→ About this task
Every line in the listing that holds "unitdist" counts once; state the total and nothing more.

→ Source information
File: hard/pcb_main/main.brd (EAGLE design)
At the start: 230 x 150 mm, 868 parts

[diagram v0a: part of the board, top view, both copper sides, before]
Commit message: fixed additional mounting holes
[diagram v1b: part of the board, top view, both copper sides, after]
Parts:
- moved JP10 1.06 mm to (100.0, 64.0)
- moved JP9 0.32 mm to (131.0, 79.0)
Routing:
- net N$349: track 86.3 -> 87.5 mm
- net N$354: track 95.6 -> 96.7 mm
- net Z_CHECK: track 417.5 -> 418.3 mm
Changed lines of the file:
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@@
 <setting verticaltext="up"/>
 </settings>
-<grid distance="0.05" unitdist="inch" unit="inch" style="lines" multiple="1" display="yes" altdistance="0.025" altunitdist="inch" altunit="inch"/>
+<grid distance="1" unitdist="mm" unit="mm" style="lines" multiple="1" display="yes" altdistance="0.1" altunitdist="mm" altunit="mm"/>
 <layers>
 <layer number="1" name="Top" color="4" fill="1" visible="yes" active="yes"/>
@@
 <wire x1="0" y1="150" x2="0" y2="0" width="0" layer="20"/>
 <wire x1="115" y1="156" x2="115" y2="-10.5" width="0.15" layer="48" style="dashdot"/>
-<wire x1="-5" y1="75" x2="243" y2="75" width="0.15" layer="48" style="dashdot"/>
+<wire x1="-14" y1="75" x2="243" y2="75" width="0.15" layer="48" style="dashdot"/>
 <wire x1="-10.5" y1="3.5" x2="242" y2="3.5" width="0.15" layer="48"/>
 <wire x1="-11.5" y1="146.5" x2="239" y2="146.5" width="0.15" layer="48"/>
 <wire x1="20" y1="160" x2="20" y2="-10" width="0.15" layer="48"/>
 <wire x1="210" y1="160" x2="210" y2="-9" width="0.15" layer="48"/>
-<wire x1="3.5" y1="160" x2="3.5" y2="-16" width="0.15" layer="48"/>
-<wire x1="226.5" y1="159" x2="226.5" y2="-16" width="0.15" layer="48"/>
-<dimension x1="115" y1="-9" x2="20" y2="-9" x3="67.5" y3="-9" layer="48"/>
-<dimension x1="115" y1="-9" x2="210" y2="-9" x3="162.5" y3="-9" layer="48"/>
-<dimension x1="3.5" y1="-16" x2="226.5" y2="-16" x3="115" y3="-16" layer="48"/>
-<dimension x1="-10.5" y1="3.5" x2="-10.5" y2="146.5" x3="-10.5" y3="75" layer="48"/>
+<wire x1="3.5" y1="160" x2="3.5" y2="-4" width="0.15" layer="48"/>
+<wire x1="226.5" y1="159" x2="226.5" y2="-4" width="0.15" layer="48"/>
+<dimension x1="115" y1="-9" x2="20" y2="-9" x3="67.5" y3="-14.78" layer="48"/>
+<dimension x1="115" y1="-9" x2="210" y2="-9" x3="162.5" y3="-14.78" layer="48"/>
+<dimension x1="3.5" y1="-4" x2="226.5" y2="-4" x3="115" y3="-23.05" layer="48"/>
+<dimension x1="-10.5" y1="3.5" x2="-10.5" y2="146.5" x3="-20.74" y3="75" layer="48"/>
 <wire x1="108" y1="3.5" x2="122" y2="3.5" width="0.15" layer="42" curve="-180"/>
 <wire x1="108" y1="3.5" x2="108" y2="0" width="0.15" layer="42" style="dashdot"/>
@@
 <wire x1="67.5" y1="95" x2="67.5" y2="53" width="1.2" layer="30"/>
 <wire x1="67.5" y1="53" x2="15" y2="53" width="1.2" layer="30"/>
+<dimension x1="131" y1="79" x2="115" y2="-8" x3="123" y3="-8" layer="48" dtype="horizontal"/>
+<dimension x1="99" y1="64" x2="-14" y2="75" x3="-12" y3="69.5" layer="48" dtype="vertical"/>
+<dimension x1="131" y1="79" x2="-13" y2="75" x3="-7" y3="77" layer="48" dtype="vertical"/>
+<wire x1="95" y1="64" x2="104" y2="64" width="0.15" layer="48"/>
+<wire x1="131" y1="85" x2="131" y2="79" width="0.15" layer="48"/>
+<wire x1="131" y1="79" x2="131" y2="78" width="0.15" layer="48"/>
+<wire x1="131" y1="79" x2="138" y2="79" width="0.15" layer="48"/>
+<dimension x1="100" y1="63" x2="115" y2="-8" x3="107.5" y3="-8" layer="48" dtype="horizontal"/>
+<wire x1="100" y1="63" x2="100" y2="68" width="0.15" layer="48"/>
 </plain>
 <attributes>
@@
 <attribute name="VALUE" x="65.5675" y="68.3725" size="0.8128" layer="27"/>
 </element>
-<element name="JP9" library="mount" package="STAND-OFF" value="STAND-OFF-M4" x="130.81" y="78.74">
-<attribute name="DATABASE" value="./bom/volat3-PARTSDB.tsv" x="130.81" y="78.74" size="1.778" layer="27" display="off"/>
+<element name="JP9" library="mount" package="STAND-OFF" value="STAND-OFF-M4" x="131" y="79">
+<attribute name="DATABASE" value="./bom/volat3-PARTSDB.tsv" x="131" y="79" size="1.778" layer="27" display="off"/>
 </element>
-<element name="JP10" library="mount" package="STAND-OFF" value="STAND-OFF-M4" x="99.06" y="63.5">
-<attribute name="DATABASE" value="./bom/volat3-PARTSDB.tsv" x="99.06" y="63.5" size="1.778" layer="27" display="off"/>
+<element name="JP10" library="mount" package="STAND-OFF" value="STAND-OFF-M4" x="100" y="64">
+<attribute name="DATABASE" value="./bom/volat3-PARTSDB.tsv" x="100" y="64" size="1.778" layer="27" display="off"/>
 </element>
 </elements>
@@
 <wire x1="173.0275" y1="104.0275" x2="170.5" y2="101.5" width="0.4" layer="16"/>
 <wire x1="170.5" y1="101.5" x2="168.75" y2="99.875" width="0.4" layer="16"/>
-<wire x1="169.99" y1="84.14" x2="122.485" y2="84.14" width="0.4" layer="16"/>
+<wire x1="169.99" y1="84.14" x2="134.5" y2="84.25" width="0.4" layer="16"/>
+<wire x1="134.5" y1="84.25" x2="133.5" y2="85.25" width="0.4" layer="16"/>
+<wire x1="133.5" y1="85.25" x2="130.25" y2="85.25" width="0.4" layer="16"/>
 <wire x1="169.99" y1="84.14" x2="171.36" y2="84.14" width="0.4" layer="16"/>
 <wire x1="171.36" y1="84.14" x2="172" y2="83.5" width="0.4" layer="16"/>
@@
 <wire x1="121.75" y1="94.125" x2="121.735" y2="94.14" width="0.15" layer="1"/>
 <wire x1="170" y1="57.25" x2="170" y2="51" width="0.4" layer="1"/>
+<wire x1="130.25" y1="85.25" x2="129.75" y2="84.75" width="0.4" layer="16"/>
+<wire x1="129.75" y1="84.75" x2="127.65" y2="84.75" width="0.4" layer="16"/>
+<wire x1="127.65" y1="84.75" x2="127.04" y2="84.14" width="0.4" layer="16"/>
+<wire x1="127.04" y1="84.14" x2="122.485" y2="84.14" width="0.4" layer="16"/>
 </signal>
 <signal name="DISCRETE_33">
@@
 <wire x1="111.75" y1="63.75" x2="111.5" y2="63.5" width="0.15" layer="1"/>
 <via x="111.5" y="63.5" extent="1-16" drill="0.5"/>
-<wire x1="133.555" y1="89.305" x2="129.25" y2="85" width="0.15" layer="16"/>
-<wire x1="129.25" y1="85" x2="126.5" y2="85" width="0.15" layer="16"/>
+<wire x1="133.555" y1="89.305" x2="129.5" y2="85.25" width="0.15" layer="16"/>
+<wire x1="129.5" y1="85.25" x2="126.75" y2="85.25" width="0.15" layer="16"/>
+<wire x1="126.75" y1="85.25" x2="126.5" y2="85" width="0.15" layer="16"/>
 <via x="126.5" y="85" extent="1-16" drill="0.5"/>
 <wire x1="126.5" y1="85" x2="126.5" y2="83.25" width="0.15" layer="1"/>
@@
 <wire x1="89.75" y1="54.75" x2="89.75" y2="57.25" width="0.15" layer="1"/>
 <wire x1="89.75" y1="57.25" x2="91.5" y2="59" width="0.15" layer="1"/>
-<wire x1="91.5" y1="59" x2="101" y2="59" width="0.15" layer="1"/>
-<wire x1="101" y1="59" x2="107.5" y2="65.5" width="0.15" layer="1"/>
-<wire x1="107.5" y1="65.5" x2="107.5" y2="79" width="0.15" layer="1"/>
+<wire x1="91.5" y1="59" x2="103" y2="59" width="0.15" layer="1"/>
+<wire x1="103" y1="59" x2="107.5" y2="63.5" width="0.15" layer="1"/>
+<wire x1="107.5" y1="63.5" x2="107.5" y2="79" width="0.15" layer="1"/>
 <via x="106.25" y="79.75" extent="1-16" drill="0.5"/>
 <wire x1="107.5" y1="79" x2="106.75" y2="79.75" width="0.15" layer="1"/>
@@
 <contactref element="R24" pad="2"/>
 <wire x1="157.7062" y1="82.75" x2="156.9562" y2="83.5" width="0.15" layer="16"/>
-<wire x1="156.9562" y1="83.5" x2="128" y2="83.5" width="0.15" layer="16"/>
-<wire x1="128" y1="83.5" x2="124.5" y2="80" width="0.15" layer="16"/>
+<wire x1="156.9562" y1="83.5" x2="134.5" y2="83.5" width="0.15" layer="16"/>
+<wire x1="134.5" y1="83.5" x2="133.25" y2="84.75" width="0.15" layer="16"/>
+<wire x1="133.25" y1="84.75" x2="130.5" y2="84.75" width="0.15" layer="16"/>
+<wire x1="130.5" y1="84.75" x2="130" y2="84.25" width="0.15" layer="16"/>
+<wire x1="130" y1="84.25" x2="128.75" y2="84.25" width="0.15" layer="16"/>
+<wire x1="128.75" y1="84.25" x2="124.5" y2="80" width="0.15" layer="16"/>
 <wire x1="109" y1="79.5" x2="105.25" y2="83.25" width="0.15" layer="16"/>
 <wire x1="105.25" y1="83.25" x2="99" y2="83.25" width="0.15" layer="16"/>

→ Answer section
2